### [Task objective]
Nothing should appear in the answer except the lines below from the line containing "Initialize_Config -right-> Config" through the line containing "# Model space", copied exactly, with pictures left out.

### [Input material]

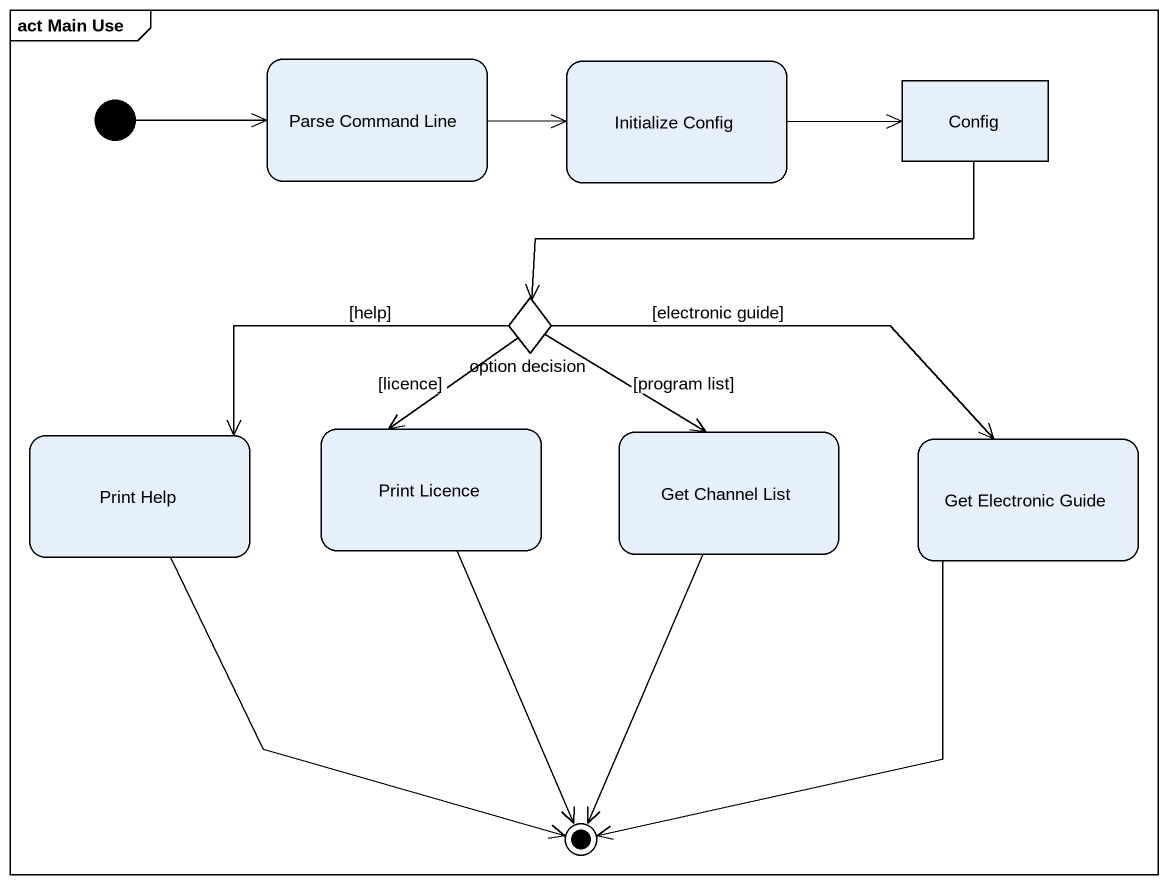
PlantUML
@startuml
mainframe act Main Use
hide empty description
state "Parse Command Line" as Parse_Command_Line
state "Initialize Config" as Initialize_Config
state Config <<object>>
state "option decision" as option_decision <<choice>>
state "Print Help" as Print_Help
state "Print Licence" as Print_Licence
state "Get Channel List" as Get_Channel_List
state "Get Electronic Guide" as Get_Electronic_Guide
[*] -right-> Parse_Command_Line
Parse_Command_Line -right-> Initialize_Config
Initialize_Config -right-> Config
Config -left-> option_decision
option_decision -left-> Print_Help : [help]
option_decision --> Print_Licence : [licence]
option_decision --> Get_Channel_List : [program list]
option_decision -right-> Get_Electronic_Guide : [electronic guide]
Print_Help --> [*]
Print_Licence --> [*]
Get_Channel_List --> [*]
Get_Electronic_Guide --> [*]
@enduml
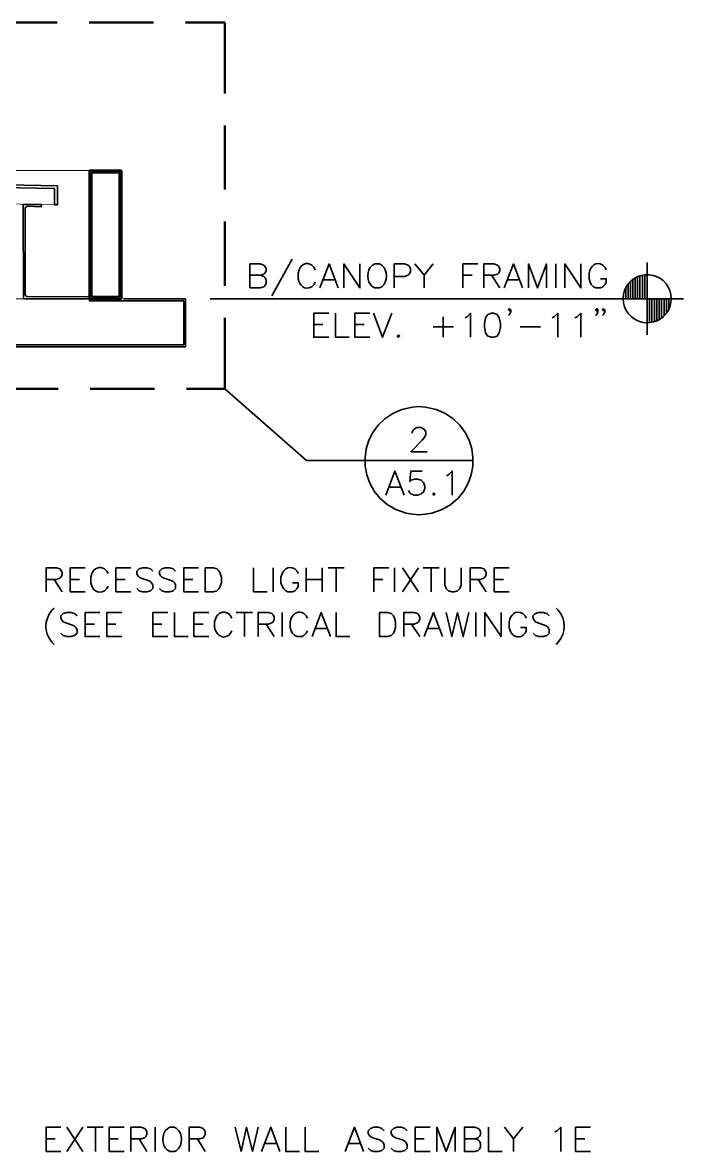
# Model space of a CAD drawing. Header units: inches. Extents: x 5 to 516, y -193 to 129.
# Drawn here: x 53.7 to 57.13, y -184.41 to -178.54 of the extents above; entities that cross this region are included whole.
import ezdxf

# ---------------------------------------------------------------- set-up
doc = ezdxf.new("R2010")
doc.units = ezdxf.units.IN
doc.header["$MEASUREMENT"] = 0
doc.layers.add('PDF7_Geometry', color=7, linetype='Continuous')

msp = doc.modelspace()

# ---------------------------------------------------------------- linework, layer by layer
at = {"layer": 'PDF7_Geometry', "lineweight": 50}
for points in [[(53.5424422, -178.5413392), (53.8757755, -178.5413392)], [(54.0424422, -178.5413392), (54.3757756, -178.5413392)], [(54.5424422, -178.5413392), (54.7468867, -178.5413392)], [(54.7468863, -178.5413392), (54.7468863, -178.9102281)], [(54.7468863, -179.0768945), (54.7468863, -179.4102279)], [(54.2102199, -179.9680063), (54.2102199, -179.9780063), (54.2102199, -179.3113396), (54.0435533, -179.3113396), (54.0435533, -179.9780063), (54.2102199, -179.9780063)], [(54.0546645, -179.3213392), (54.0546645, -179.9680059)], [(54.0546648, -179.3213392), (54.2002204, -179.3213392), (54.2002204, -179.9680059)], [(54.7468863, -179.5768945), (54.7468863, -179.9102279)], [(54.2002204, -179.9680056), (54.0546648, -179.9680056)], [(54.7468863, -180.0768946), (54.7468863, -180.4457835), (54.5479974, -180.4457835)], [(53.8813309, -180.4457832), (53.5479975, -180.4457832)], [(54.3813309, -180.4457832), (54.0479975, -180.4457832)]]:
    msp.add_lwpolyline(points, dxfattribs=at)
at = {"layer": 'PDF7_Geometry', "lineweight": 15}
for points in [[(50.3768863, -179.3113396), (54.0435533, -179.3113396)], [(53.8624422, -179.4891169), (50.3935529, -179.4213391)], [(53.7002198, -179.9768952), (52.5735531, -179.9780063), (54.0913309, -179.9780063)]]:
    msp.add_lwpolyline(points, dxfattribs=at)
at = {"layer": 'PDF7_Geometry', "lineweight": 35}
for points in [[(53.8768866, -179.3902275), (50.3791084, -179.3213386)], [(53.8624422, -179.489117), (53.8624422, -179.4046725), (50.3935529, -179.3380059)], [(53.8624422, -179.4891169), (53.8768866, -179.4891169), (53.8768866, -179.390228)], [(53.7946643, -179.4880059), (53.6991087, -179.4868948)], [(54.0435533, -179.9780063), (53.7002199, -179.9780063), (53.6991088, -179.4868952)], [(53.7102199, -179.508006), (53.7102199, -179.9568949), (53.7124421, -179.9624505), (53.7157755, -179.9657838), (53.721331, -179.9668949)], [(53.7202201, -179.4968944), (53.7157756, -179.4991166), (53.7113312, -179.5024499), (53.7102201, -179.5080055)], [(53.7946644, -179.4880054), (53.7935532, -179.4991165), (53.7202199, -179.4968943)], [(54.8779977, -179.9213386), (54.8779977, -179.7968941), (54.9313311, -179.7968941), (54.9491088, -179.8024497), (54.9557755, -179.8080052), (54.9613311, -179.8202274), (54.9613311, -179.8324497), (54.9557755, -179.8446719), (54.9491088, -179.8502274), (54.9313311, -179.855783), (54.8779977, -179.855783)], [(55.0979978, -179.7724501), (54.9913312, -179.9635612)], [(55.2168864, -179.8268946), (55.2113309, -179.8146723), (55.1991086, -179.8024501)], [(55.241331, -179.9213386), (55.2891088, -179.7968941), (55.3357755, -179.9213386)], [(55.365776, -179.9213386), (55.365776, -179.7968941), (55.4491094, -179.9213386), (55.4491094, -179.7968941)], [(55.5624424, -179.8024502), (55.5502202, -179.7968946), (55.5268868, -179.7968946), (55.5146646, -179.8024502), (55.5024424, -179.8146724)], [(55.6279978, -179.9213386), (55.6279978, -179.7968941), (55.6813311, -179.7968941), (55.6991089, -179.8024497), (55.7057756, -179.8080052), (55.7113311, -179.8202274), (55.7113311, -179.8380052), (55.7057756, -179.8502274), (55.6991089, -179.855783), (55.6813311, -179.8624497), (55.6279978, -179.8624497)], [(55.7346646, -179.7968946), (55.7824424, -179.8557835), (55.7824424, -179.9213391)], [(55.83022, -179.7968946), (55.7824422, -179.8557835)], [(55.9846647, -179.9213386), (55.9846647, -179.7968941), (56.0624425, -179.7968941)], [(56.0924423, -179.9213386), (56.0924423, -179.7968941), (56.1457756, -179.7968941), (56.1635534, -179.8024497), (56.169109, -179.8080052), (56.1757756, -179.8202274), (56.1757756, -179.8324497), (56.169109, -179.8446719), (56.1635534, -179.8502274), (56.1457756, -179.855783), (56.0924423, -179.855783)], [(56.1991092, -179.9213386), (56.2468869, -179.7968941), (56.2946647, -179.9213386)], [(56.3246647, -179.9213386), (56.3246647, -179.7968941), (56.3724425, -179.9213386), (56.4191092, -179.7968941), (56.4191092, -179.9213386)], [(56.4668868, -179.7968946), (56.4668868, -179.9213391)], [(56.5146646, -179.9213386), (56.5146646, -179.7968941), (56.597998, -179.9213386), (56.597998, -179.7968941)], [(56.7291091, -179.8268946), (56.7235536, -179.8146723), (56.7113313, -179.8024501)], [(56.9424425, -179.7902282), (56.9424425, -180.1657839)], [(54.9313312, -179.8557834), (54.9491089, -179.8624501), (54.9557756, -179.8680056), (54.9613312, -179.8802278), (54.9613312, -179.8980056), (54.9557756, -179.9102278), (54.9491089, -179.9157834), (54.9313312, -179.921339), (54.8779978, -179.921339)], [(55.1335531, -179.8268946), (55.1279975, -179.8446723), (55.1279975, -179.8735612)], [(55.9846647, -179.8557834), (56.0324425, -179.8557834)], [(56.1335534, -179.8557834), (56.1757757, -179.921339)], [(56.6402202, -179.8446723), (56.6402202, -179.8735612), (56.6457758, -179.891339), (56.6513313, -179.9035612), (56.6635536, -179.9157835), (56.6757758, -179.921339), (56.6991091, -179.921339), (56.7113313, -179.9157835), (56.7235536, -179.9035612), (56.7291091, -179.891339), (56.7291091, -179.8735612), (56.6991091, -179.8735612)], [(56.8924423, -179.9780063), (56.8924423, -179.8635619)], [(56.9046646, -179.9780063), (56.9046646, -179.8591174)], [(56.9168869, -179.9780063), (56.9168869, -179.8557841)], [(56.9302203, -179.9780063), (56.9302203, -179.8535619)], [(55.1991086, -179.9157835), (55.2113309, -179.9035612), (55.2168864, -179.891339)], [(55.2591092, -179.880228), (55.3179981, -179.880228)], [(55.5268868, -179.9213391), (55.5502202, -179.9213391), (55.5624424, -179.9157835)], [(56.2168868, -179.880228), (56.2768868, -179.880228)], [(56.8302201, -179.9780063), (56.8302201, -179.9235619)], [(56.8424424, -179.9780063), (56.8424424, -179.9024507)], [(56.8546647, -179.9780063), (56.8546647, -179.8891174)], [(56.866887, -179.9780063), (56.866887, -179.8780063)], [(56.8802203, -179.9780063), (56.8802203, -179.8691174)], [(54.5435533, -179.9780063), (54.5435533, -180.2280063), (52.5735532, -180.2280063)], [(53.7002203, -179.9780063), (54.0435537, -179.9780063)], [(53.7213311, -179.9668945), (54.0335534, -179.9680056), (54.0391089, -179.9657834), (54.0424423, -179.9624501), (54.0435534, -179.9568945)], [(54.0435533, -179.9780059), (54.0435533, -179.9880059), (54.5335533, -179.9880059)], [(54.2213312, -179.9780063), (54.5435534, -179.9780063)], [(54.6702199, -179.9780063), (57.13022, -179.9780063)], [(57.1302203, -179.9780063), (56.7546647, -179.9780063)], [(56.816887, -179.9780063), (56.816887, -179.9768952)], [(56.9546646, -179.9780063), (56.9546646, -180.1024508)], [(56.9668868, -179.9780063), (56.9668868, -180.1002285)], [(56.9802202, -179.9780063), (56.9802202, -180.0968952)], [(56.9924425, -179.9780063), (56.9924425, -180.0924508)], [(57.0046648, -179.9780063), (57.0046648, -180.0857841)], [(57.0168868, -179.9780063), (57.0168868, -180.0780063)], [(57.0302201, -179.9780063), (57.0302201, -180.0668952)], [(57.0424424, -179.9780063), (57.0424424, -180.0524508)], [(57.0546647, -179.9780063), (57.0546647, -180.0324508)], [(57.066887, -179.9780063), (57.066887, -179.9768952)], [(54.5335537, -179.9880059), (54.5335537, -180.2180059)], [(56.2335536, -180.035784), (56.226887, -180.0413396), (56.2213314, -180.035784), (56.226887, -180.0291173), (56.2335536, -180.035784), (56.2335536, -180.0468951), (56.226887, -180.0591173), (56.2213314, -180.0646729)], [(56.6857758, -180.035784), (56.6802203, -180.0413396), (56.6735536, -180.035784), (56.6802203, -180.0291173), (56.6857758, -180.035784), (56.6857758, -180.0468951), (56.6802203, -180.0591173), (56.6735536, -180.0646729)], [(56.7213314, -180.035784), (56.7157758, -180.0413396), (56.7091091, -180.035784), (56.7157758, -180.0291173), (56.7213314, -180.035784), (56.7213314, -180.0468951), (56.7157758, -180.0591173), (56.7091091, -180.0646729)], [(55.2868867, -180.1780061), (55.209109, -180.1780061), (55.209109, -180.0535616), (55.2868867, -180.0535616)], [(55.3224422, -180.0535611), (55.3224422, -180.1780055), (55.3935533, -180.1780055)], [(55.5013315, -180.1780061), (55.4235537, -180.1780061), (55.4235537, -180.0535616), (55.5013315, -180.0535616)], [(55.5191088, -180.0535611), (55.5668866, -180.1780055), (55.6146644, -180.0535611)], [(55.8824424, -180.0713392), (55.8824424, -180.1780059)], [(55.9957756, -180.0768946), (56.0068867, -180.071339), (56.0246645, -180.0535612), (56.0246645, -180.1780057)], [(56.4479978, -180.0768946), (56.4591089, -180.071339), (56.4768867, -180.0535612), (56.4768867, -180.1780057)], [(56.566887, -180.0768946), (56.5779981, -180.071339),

### [Solved problem]
Initialize_Config -right-> Config
Config -left-> option_decision
option_decision -left-> Print_Help : [help]
option_decision --> Print_Licence : [licence]
option_decision --> Get_Channel_List : [program list]
option_decision -right-> Get_Electronic_Guide : [electronic guide]
Print_Help --> [*]
Print_Licence --> [*]
Get_Channel_List --> [*]
Get_Electronic_Guide --> [*]
@enduml
# Model space of a CAD drawing. Header units: inches. Extents: x 5 to 516, y -193 to 129.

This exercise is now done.